In my car, I regularly get a notice that I'm not being attentive and that I should go for a coffee break. It's never right and my best guess is that it's always on a straight highway road for more than 15 minutes where I'm not moving the wheel very much. I don't think this kill switch is a good idea and might attract unnecessary attention from law enforcement who might ding me for something completely unrelated (going 6mph above speed limit).
So imagine you attend a planned protest at the state capitol.

You drive and when within 3 miles your car dies.

You can start it again and drive away, turning around and leaving, but if you go further towards the capitol it dies again.

The next day the press reports that the planned protest was very sparsely attended.

I have heard stories in Minneapolis about ICE remotely unlocking cars and opening windows. This seems technically possible to me. It makes me worry about public safety if the government has this control. I imagine a future where the government disables cars based on a score in a Palantir database. We need the right to use a car to escape danger. I also think encryption is important for defense against tyranny. The Second Amendment should protect encryption too.
Maybe we should pass laws to ban driving. Then nobody will get hurt!
Very gross, overstepping, and creepy.
Imagine driving in a remote road on a cold night, no cell signal, a deer crosses the road and you swerve to avoid it. The car thinks your drunk and kills the car.

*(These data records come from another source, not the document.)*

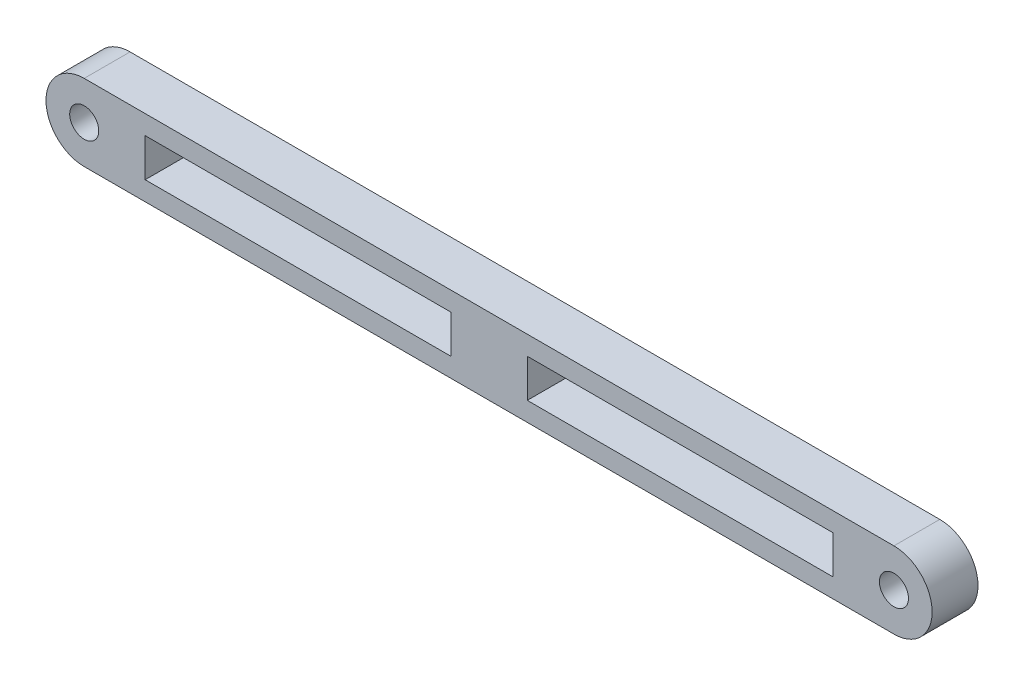
ISO-10303-21;
HEADER;
FILE_DESCRIPTION(('STEP AP214'),'2;1');
FILE_NAME('part.step','',(''),(''),'','','');
FILE_SCHEMA(('AUTOMOTIVE_DESIGN { 1 0 10303 214 1 1 1 1 }'));
ENDSEC;
DATA;
#1=APPLICATION_CONTEXT('core data for automotive mechanical design processes');
#2=APPLICATION_PROTOCOL_DEFINITION('international standard','automotive_design',2000,#1);
#3=PRODUCT_CONTEXT('',#1,'mechanical');
#4=PRODUCT('Part','Part','',(#3));
#5=PRODUCT_RELATED_PRODUCT_CATEGORY('part','',(#4));
#6=PRODUCT_DEFINITION_FORMATION('','',#4);
#7=PRODUCT_DEFINITION_CONTEXT('part definition',#1,'design');
#8=PRODUCT_DEFINITION('design','',#6,#7);
#9=PRODUCT_DEFINITION_SHAPE('','',#8);
#10=(LENGTH_UNIT() NAMED_UNIT(*) SI_UNIT(.MILLI.,.METRE.));
#11=(NAMED_UNIT(*) PLANE_ANGLE_UNIT() SI_UNIT($,.RADIAN.));
#12=(NAMED_UNIT(*) SI_UNIT($,.STERADIAN.) SOLID_ANGLE_UNIT());
#13=UNCERTAINTY_MEASURE_WITH_UNIT(LENGTH_MEASURE(1.E-05),#10,'distance_accuracy_value','');
#14=(GEOMETRIC_REPRESENTATION_CONTEXT(3) GLOBAL_UNCERTAINTY_ASSIGNED_CONTEXT((#13)) GLOBAL_UNIT_ASSIGNED_CONTEXT((#10,
#11,#12)) REPRESENTATION_CONTEXT('',''));
#15=CARTESIAN_POINT('',(0.,0.,0.));
#16=DIRECTION('',(0.,0.,1.));
#17=DIRECTION('',(1.,0.,0.));
#18=AXIS2_PLACEMENT_3D('',#15,#16,#17);
#19=CARTESIAN_POINT('',(52.97405025,0.,6.));
#20=DIRECTION('',(0.,0.,-1.));
#21=DIRECTION('',(-1.,0.,0.));
#22=AXIS2_PLACEMENT_3D('',#19,#20,#21);
#23=PLANE('',#22);
#24=DIRECTION('',(-1.,0.,0.));
#25=VECTOR('',#24,1.);
#26=CARTESIAN_POINT('',(-45.,2.5,6.));
#27=LINE('',#26,#25);
#28=CARTESIAN_POINT('',(-5.,2.5,6.));
#29=VERTEX_POINT('',#28);
#30=CARTESIAN_POINT('',(-45.,2.5,6.));
#31=VERTEX_POINT('',#30);
#32=EDGE_CURVE('E170',#29,#31,#27,.T.);
#33=ORIENTED_EDGE('',*,*,#32,.F.);
#34=DIRECTION('',(0.,1.,0.));
#35=VECTOR('',#34,1.);
#36=CARTESIAN_POINT('',(-5.,-2.5,6.));
#37=LINE('',#36,#35);
#38=CARTESIAN_POINT('',(-5.,-2.5,6.));
#39=VERTEX_POINT('',#38);
#40=EDGE_CURVE('E59',#39,#29,#37,.T.);
#41=ORIENTED_EDGE('',*,*,#40,.F.);
#42=DIRECTION('',(1.,0.,0.));
#43=VECTOR('',#42,1.);
#44=CARTESIAN_POINT('',(-45.,-2.5,6.));
#45=LINE('',#44,#43);
#46=CARTESIAN_POINT('',(-45.,-2.5,6.));
#47=VERTEX_POINT('',#46);
#48=EDGE_CURVE('E157',#47,#39,#45,.T.);
#49=ORIENTED_EDGE('',*,*,#48,.F.);
#50=DIRECTION('',(0.,-1.,0.));
#51=VECTOR('',#50,1.);
#52=CARTESIAN_POINT('',(-45.,-2.5,6.));
#53=LINE('',#52,#51);
#54=EDGE_CURVE('E161',#31,#47,#53,.T.);
#55=ORIENTED_EDGE('',*,*,#54,.F.);
#56=EDGE_LOOP('',(#33,#41,#49,#55));
#57=FACE_BOUND('',#56,.T.);
#58=DIRECTION('',(-1.,0.,0.));
#59=VECTOR('',#58,1.);
#60=CARTESIAN_POINT('',(4.99999999999999,2.50000000000002,6.));
#61=LINE('',#60,#59);
#62=CARTESIAN_POINT('',(45.,2.50000000000002,6.));
#63=VERTEX_POINT('',#62);
#64=CARTESIAN_POINT('',(4.99999999999999,2.50000000000002,6.));
#65=VERTEX_POINT('',#64);
#66=EDGE_CURVE('E207',#63,#65,#61,.T.);
#67=ORIENTED_EDGE('',*,*,#66,.F.);
#68=DIRECTION('',(0.,1.,0.));
#69=VECTOR('',#68,1.);
#70=CARTESIAN_POINT('',(45.,-2.49999999999998,6.));
#71=LINE('',#70,#69);
#72=CARTESIAN_POINT('',(45.,-2.49999999999998,6.));
#73=VERTEX_POINT('',#72);
#74=EDGE_CURVE('E67',#73,#63,#71,.T.);
#75=ORIENTED_EDGE('',*,*,#74,.F.);
#76=DIRECTION('',(1.,0.,0.));
#77=VECTOR('',#76,1.);
#78=CARTESIAN_POINT('',(5.,-2.49999999999998,6.));
#79=LINE('',#78,#77);
#80=CARTESIAN_POINT('',(5.,-2.49999999999998,6.));
#81=VERTEX_POINT('',#80);
#82=EDGE_CURVE('E198',#81,#73,#79,.T.);
#83=ORIENTED_EDGE('',*,*,#82,.F.);
#84=DIRECTION('',(0.,-1.,0.));
#85=VECTOR('',#84,1.);
#86=CARTESIAN_POINT('',(5.,-2.49999999999998,6.));
#87=LINE('',#86,#85);
#88=EDGE_CURVE('E202',#65,#81,#87,.T.);
#89=ORIENTED_EDGE('',*,*,#88,.F.);
#90=EDGE_LOOP('',(#67,#75,#83,#89));
#91=FACE_BOUND('',#90,.T.);
#92=CARTESIAN_POINT('',(52.97405025,0.,6.));
#93=DIRECTION('',(0.,0.,1.));
#94=DIRECTION('',(-1.,0.,0.));
#95=AXIS2_PLACEMENT_3D('',#92,#93,#94);
#96=CIRCLE('',#95,5.00000000000002);
#97=CARTESIAN_POINT('',(52.97405025,-5.00000000000002,6.));
#98=VERTEX_POINT('',#97);
#99=CARTESIAN_POINT('',(52.97405025,5.00000000000002,6.));
#100=VERTEX_POINT('',#99);
#101=EDGE_CURVE('E243',#98,#100,#96,.T.);
#102=ORIENTED_EDGE('',*,*,#101,.T.);
#103=DIRECTION('',(-1.,0.,0.));
#104=VECTOR('',#103,1.);
#105=CARTESIAN_POINT('',(-52.97405025,5.,6.));
#106=LINE('',#105,#104);
#107=CARTESIAN_POINT('',(-52.97405025,5.00000000000001,6.));
#108=VERTEX_POINT('',#107);
#109=EDGE_CURVE('E247',#100,#108,#106,.T.);
#110=ORIENTED_EDGE('',*,*,#109,.T.);
#111=CARTESIAN_POINT('',(-52.97405025,0.,6.));
#112=DIRECTION('',(0.,0.,1.));
#113=DIRECTION('',(1.,0.,0.));
#114=AXIS2_PLACEMENT_3D('',#111,#112,#113);
#115=CIRCLE('',#114,5.00000000000002);
#116=CARTESIAN_POINT('',(-52.97405025,-5.00000000000004,6.));
#117=VERTEX_POINT('',#116);
#118=EDGE_CURVE('E251',#108,#117,#115,.T.);
#119=ORIENTED_EDGE('',*,*,#118,.T.);
#120=DIRECTION('',(1.,0.,0.));
#121=VECTOR('',#120,1.);
#122=CARTESIAN_POINT('',(-52.97405025,-5.00000000000004,6.));
#123=LINE('',#122,#121);
#124=EDGE_CURVE('E254',#117,#98,#123,.T.);
#125=ORIENTED_EDGE('',*,*,#124,.T.);
#126=EDGE_LOOP('',(#102,#110,#119,#125));
#127=FACE_BOUND('',#126,.T.);
#128=CARTESIAN_POINT('',(-52.97405025,0.,6.));
#129=DIRECTION('',(0.,0.,1.));
#130=DIRECTION('',(1.,0.,0.));
#131=AXIS2_PLACEMENT_3D('',#128,#129,#130);
#132=CIRCLE('',#131,1.9);
#133=CARTESIAN_POINT('',(-51.07405025,0.,6.));
#134=VERTEX_POINT('',#133);
#135=EDGE_CURVE('E235',#134,#134,#132,.T.);
#136=ORIENTED_EDGE('',*,*,#135,.F.);
#137=EDGE_LOOP('',(#136));
#138=FACE_BOUND('',#137,.T.);
#139=CARTESIAN_POINT('',(52.97405025,0.,6.));
#140=DIRECTION('',(0.,0.,1.));
#141=DIRECTION('',(1.,0.,0.));
#142=AXIS2_PLACEMENT_3D('',#139,#140,#141);
#143=CIRCLE('',#142,1.9);
#144=CARTESIAN_POINT('',(54.87405025,0.,6.));
#145=VERTEX_POINT('',#144);
#146=EDGE_CURVE('E227',#145,#145,#143,.T.);
#147=ORIENTED_EDGE('',*,*,#146,.F.);
#148=EDGE_LOOP('',(#147));
#149=FACE_BOUND('',#148,.T.);
#150=ADVANCED_FACE('F43',(#57,#91,#127,#138,#149),#23,.F.);
#151=CARTESIAN_POINT('',(52.97405025,0.,0.));
#152=DIRECTION('',(0.,0.,-1.));
#153=DIRECTION('',(-1.,0.,0.));
#154=AXIS2_PLACEMENT_3D('',#151,#152,#153);
#155=PLANE('',#154);
#156=DIRECTION('',(0.,1.,0.));
#157=VECTOR('',#156,1.);
#158=CARTESIAN_POINT('',(-5.,-2.5,0.));
#159=LINE('',#158,#157);
#160=CARTESIAN_POINT('',(-5.,-2.5,0.));
#161=VERTEX_POINT('',#160);
#162=CARTESIAN_POINT('',(-5.,2.5,0.));
#163=VERTEX_POINT('',#162);
#164=EDGE_CURVE('E135',#161,#163,#159,.T.);
#165=ORIENTED_EDGE('',*,*,#164,.T.);
#166=DIRECTION('',(-1.,0.,0.));
#167=VECTOR('',#166,1.);
#168=CARTESIAN_POINT('',(-45.,2.5,0.));
#169=LINE('',#168,#167);
#170=CARTESIAN_POINT('',(-45.,2.5,0.));
#171=VERTEX_POINT('',#170);
#172=EDGE_CURVE('E146',#163,#171,#169,.T.);
#173=ORIENTED_EDGE('',*,*,#172,.T.);
#174=DIRECTION('',(0.,-1.,0.));
#175=VECTOR('',#174,1.);
#176=CARTESIAN_POINT('',(-45.,-2.5,0.));
#177=LINE('',#176,#175);
#178=CARTESIAN_POINT('',(-45.,-2.5,0.));
#179=VERTEX_POINT('',#178);
#180=EDGE_CURVE('E151',#171,#179,#177,.T.);
#181=ORIENTED_EDGE('',*,*,#180,.T.);
#182=DIRECTION('',(1.,0.,0.));
#183=VECTOR('',#182,1.);
#184=CARTESIAN_POINT('',(-45.,-2.5,0.));
#185=LINE('',#184,#183);
#186=EDGE_CURVE('E142',#179,#161,#185,.T.);
#187=ORIENTED_EDGE('',*,*,#186,.T.);
#188=EDGE_LOOP('',(#165,#173,#181,#187));
#189=FACE_BOUND('',#188,.T.);
#190=DIRECTION('',(0.,1.,0.));
#191=VECTOR('',#190,1.);
#192=CARTESIAN_POINT('',(45.,-2.49999999999998,0.));
#193=LINE('',#192,#191);
#194=CARTESIAN_POINT('',(45.,-2.49999999999998,0.));
#195=VERTEX_POINT('',#194);
#196=CARTESIAN_POINT('',(45.,2.50000000000002,0.));
#197=VERTEX_POINT('',#196);
#198=EDGE_CURVE('E203',#195,#197,#193,.T.);
#199=ORIENTED_EDGE('',*,*,#198,.T.);
#200=DIRECTION('',(-1.,0.,0.));
#201=VECTOR('',#200,1.);
#202=CARTESIAN_POINT('',(4.99999999999999,2.50000000000002,0.));
#203=LINE('',#202,#201);
#204=CARTESIAN_POINT('',(5.,2.50000000000002,0.));
#205=VERTEX_POINT('',#204);
#206=EDGE_CURVE('E220',#197,#205,#203,.T.);
#207=ORIENTED_EDGE('',*,*,#206,.T.);
#208=DIRECTION('',(0.,-1.,0.));
#209=VECTOR('',#208,1.);
#210=CARTESIAN_POINT('',(5.,-2.49999999999998,0.));
#211=LINE('',#210,#209);
#212=CARTESIAN_POINT('',(5.,-2.49999999999998,0.));
#213=VERTEX_POINT('',#212);
#214=EDGE_CURVE('E216',#205,#213,#211,.T.);
#215=ORIENTED_EDGE('',*,*,#214,.T.);
#216=DIRECTION('',(1.,0.,0.));
#217=VECTOR('',#216,1.);
#218=CARTESIAN_POINT('',(5.,-2.49999999999998,0.));
#219=LINE('',#218,#217);
#220=EDGE_CURVE('E188',#213,#195,#219,.T.);
#221=ORIENTED_EDGE('',*,*,#220,.T.);
#222=EDGE_LOOP('',(#199,#207,#215,#221));
#223=FACE_BOUND('',#222,.T.);
#224=CARTESIAN_POINT('',(-52.97405025,0.,0.));
#225=DIRECTION('',(0.,0.,1.));
#226=DIRECTION('',(1.,0.,0.));
#227=AXIS2_PLACEMENT_3D('',#224,#225,#226);
#228=CIRCLE('',#227,1.9);
#229=CARTESIAN_POINT('',(-51.07405025,0.,0.));
#230=VERTEX_POINT('',#229);
#231=EDGE_CURVE('E231',#230,#230,#228,.T.);
#232=ORIENTED_EDGE('',*,*,#231,.T.);
#233=EDGE_LOOP('',(#232));
#234=FACE_BOUND('',#233,.T.);
#235=CARTESIAN_POINT('',(52.97405025,0.,0.));
#236=DIRECTION('',(0.,0.,1.));
#237=DIRECTION('',(-1.,0.,0.));
#238=AXIS2_PLACEMENT_3D('',#235,#236,#237);
#239=CIRCLE('',#238,5.00000000000002);
#240=CARTESIAN_POINT('',(52.97405025,-5.00000000000002,0.));
#241=VERTEX_POINT('',#240);
#242=CARTESIAN_POINT('',(52.97405025,5.00000000000002,0.));
#243=VERTEX_POINT('',#242);
#244=EDGE_CURVE('E239',#241,#243,#239,.T.);
#245=ORIENTED_EDGE('',*,*,#244,.F.);
#246=DIRECTION('',(1.,0.,0.));
#247=VECTOR('',#246,1.);
#248=CARTESIAN_POINT('',(-52.97405025,-5.00000000000004,0.));
#249=LINE('',#248,#247);
#250=CARTESIAN_POINT('',(-52.97405025,-5.00000000000004,0.));
#251=VERTEX_POINT('',#250);
#252=EDGE_CURVE('E248',#251,#241,#249,.T.);
#253=ORIENTED_EDGE('',*,*,#252,.F.);
#254=CARTESIAN_POINT('',(-52.97405025,0.,0.));
#255=DIRECTION('',(0.,0.,1.));
#256=DIRECTION('',(1.,0.,0.));
#257=AXIS2_PLACEMENT_3D('',#254,#255,#256);
#258=CIRCLE('',#257,5.00000000000002);
#259=CARTESIAN_POINT('',(-52.97405025,5.00000000000001,0.));
#260=VERTEX_POINT('',#259);
#261=EDGE_CURVE('E264',#260,#251,#258,.T.);
#262=ORIENTED_EDGE('',*,*,#261,.F.);
#263=DIRECTION('',(-1.,0.,0.));
#264=VECTOR('',#263,1.);
#265=CARTESIAN_POINT('',(-52.97405025,5.,0.));
#266=LINE('',#265,#264);
#267=EDGE_CURVE('E261',#243,#260,#266,.T.);
#268=ORIENTED_EDGE('',*,*,#267,.F.);
#269=EDGE_LOOP('',(#245,#253,#262,#268));
#270=FACE_BOUND('',#269,.T.);
#271=CARTESIAN_POINT('',(52.97405025,0.,0.));
#272=DIRECTION('',(0.,0.,1.));
#273=DIRECTION('',(1.,0.,0.));
#274=AXIS2_PLACEMENT_3D('',#271,#272,#273);
#275=CIRCLE('',#274,1.9);
#276=CARTESIAN_POINT('',(54.87405025,0.,0.));
#277=VERTEX_POINT('',#276);
#278=EDGE_CURVE('E179',#277,#277,#275,.T.);
#279=ORIENTED_EDGE('',*,*,#278,.T.);
#280=EDGE_LOOP('',(#279));
#281=FACE_BOUND('',#280,.T.);
#282=ADVANCED_FACE('F153',(#189,#223,#234,#270,#281),#155,.T.);
#283=CARTESIAN_POINT('',(52.97405025,0.,6.));
#284=DIRECTION('',(0.,0.,-1.));
#285=DIRECTION('',(-1.,0.,0.));
#286=AXIS2_PLACEMENT_3D('',#283,#284,#285);
#287=CYLINDRICAL_SURFACE('',#286,5.00000000000002);
#288=ORIENTED_EDGE('',*,*,#244,.T.);
#289=DIRECTION('',(0.,0.,-1.));
#290=VECTOR('',#289,1.);
#291=CARTESIAN_POINT('',(52.97405025,5.00000000000002,6.));
#292=LINE('',#291,#290);
#293=EDGE_CURVE('E11',#100,#243,#292,.T.);
#294=ORIENTED_EDGE('',*,*,#293,.F.);
#295=ORIENTED_EDGE('',*,*,#101,.F.);
#296=DIRECTION('',(0.,0.,-1.));
#297=VECTOR('',#296,1.);
#298=CARTESIAN_POINT('',(52.97405025,-5.00000000000002,6.));
#299=LINE('',#298,#297);
#300=EDGE_CURVE('E257',#98,#241,#299,.T.);
#301=ORIENTED_EDGE('',*,*,#300,.T.);
#302=EDGE_LOOP('',(#288,#294,#295,#301));
#303=FACE_BOUND('',#302,.T.);
#304=ADVANCED_FACE('F45',(#303),#287,.T.);
#305=CARTESIAN_POINT('',(-52.97405025,5.,6.));
#306=DIRECTION('',(0.,-1.,0.));
#307=DIRECTION('',(1.,0.,0.));
#308=AXIS2_PLACEMENT_3D('',#305,#306,#307);
#309=PLANE('',#308);
#310=ORIENTED_EDGE('',*,*,#267,.T.);
#311=DIRECTION('',(0.,0.,-1.));
#312=VECTOR('',#311,1.);
#313=CARTESIAN_POINT('',(-52.97405025,5.00000000000001,6.));
#314=LINE('',#313,#312);
#315=EDGE_CURVE('E52',#108,#260,#314,.T.);
#316=ORIENTED_EDGE('',*,*,#315,.F.);
#317=ORIENTED_EDGE('',*,*,#109,.F.);
#318=ORIENTED_EDGE('',*,*,#293,.T.);
#319=EDGE_LOOP('',(#310,#316,#317,#318));
#320=FACE_BOUND('',#319,.T.);
#321=ADVANCED_FACE('F297',(#320),#309,.F.);
#322=CARTESIAN_POINT('',(-52.97405025,0.,6.));
#323=DIRECTION('',(0.,0.,-1.));
#324=DIRECTION('',(-1.,0.,0.));
#325=AXIS2_PLACEMENT_3D('',#322,#323,#324);
#326=CYLINDRICAL_SURFACE('',#325,5.00000000000002);
#327=ORIENTED_EDGE('',*,*,#261,.T.);
#328=DIRECTION('',(0.,0.,-1.));
#329=VECTOR('',#328,1.);
#330=CARTESIAN_POINT('',(-52.97405025,-5.00000000000004,6.));
#331=LINE('',#330,#329);
#332=EDGE_CURVE('E272',#117,#251,#331,.T.);
#333=ORIENTED_EDGE('',*,*,#332,.F.);
#334=ORIENTED_EDGE('',*,*,#118,.F.);
#335=ORIENTED_EDGE('',*,*,#315,.T.);
#336=EDGE_LOOP('',(#327,#333,#334,#335));
#337=FACE_BOUND('',#336,.T.);
#338=ADVANCED_FACE('F281',(#337),#326,.T.);
#339=CARTESIAN_POINT('',(-52.97405025,-5.00000000000004,6.));
#340=DIRECTION('',(0.,1.,0.));
#341=DIRECTION('',(-1.,0.,0.));
#342=AXIS2_PLACEMENT_3D('',#339,#340,#341);
#343=PLANE('',#342);
#344=ORIENTED_EDGE('',*,*,#252,.T.);
#345=ORIENTED_EDGE('',*,*,#300,.F.);
#346=ORIENTED_EDGE('',*,*,#124,.F.);
#347=ORIENTED_EDGE('',*,*,#332,.T.);
#348=EDGE_LOOP('',(#344,#345,#346,#347));
#349=FACE_BOUND('',#348,.T.);
#350=ADVANCED_FACE('F290',(#349),#343,.F.);
#351=CARTESIAN_POINT('',(-52.97405025,0.,6.));
#352=DIRECTION('',(0.,0.,-1.));
#353=DIRECTION('',(-1.,0.,0.));
#354=AXIS2_PLACEMENT_3D('',#351,#352,#353);
#355=CYLINDRICAL_SURFACE('',#354,1.9);
#356=ORIENTED_EDGE('',*,*,#135,.T.);
#357=EDGE_LOOP('',(#356));
#358=FACE_BOUND('',#357,.T.);
#359=ORIENTED_EDGE('',*,*,#231,.F.);
#360=EDGE_LOOP('',(#359));
#361=FACE_BOUND('',#360,.T.);
#362=ADVANCED_FACE('F313',(#358,#361),#355,.F.);
#363=CARTESIAN_POINT('',(52.97405025,0.,6.));
#364=DIRECTION('',(0.,0.,-1.));
#365=DIRECTION('',(-1.,0.,0.));
#366=AXIS2_PLACEMENT_3D('',#363,#364,#365);
#367=CYLINDRICAL_SURFACE('',#366,1.9);
#368=ORIENTED_EDGE('',*,*,#146,.T.);
#369=EDGE_LOOP('',(#368));
#370=FACE_BOUND('',#369,.T.);
#371=ORIENTED_EDGE('',*,*,#278,.F.);
#372=EDGE_LOOP('',(#371));
#373=FACE_BOUND('',#372,.T.);
#374=ADVANCED_FACE('F320',(#370,#373),#367,.F.);
#375=CARTESIAN_POINT('',(45.,-2.49999999999998,0.));
#376=DIRECTION('',(1.,0.,0.));
#377=DIRECTION('',(0.,0.,-1.));
#378=AXIS2_PLACEMENT_3D('',#375,#376,#377);
#379=PLANE('',#378);
#380=ORIENTED_EDGE('',*,*,#74,.T.);
#381=DIRECTION('',(0.,0.,1.));
#382=VECTOR('',#381,1.);
#383=CARTESIAN_POINT('',(45.,2.50000000000002,0.));
#384=LINE('',#383,#382);
#385=EDGE_CURVE('E185',#197,#63,#384,.T.);
#386=ORIENTED_EDGE('',*,*,#385,.F.);
#387=ORIENTED_EDGE('',*,*,#198,.F.);
#388=DIRECTION('',(0.,0.,1.));
#389=VECTOR('',#388,1.);
#390=CARTESIAN_POINT('',(45.,-2.49999999999998,0.));
#391=LINE('',#390,#389);
#392=EDGE_CURVE('E195',#195,#73,#391,.T.);
#393=ORIENTED_EDGE('',*,*,#392,.T.);
#394=EDGE_LOOP('',(#380,#386,#387,#393));
#395=FACE_BOUND('',#394,.T.);
#396=ADVANCED_FACE('F325',(#395),#379,.F.);
#397=CARTESIAN_POINT('',(5.,-2.49999999999998,0.));
#398=DIRECTION('',(0.,-1.,0.));
#399=DIRECTION('',(0.,0.,-1.));
#400=AXIS2_PLACEMENT_3D('',#397,#398,#399);
#401=PLANE('',#400);
#402=ORIENTED_EDGE('',*,*,#82,.T.);
#403=ORIENTED_EDGE('',*,*,#392,.F.);
#404=ORIENTED_EDGE('',*,*,#220,.F.);
#405=DIRECTION('',(0.,0.,1.));
#406=VECTOR('',#405,1.);
#407=CARTESIAN_POINT('',(5.,-2.49999999999998,0.));
#408=LINE('',#407,#406);
#409=EDGE_CURVE('E192',#213,#81,#408,.T.);
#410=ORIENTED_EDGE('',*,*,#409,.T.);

You're stuck, no cell signal, good chance of hypothermia.

I'd prefer something with a slightly more libertarian bent:

The hardware is required in new cars. It's illegal to make it report false values or for someone other than the driver to record. When you press the start button, an LED shines into your skin and records fingerprint hash, and blood alcohol. This data is recorded/reported only when a public road has been entered or crossed, and erased from local storage in 24 hours.

The reporting is optional. You can turn it off. You set it up to report to your insurance company. If you don't, your insurance rates will probably rise.

What does society get out of this? People are strongly encouraged not to drink and drive. They get a clear and unambiguous signal if they are over the legal limit or not. We get some insurance data about how many people are drinking and driving nonetheless, and their actual accident rates. Insurance rates can be higher for people at higher risk, and lower for those who are not. There's no emergency situation where someone can't activate their car. Drivers' "freedom" to drive without insurance or without historical monitoring isn't infringed. You can still drive drunk on private property without consequence.

We could probably also partially do away with constructive DUI (DUI where you are drunk, but asleep in the vehicle and in possession of the keys). You can set a maximum startup BAC in the car computer. You can lower it, effective in 8 hours. Your sober self can agree that future you shouldn't drive drunk, and even if you sleep in your car, the police can't show that you were in control of the vehicle.

The existence of a kill switch plus tracking in legislation very likely means the manufacturers wanted to track and sell user data and needed a scapegoat to avoid customer backlash. I would profoundly surprised if we don't find a lobbyist at the bottom of this.
> A Republican attempt to cut off federal funding tied to vehicle “kill switch” enforcement failed in the House this week, leaving intact a law directing the Department of Transportation to develop mandatory impaired-driving prevention systems in new vehicles.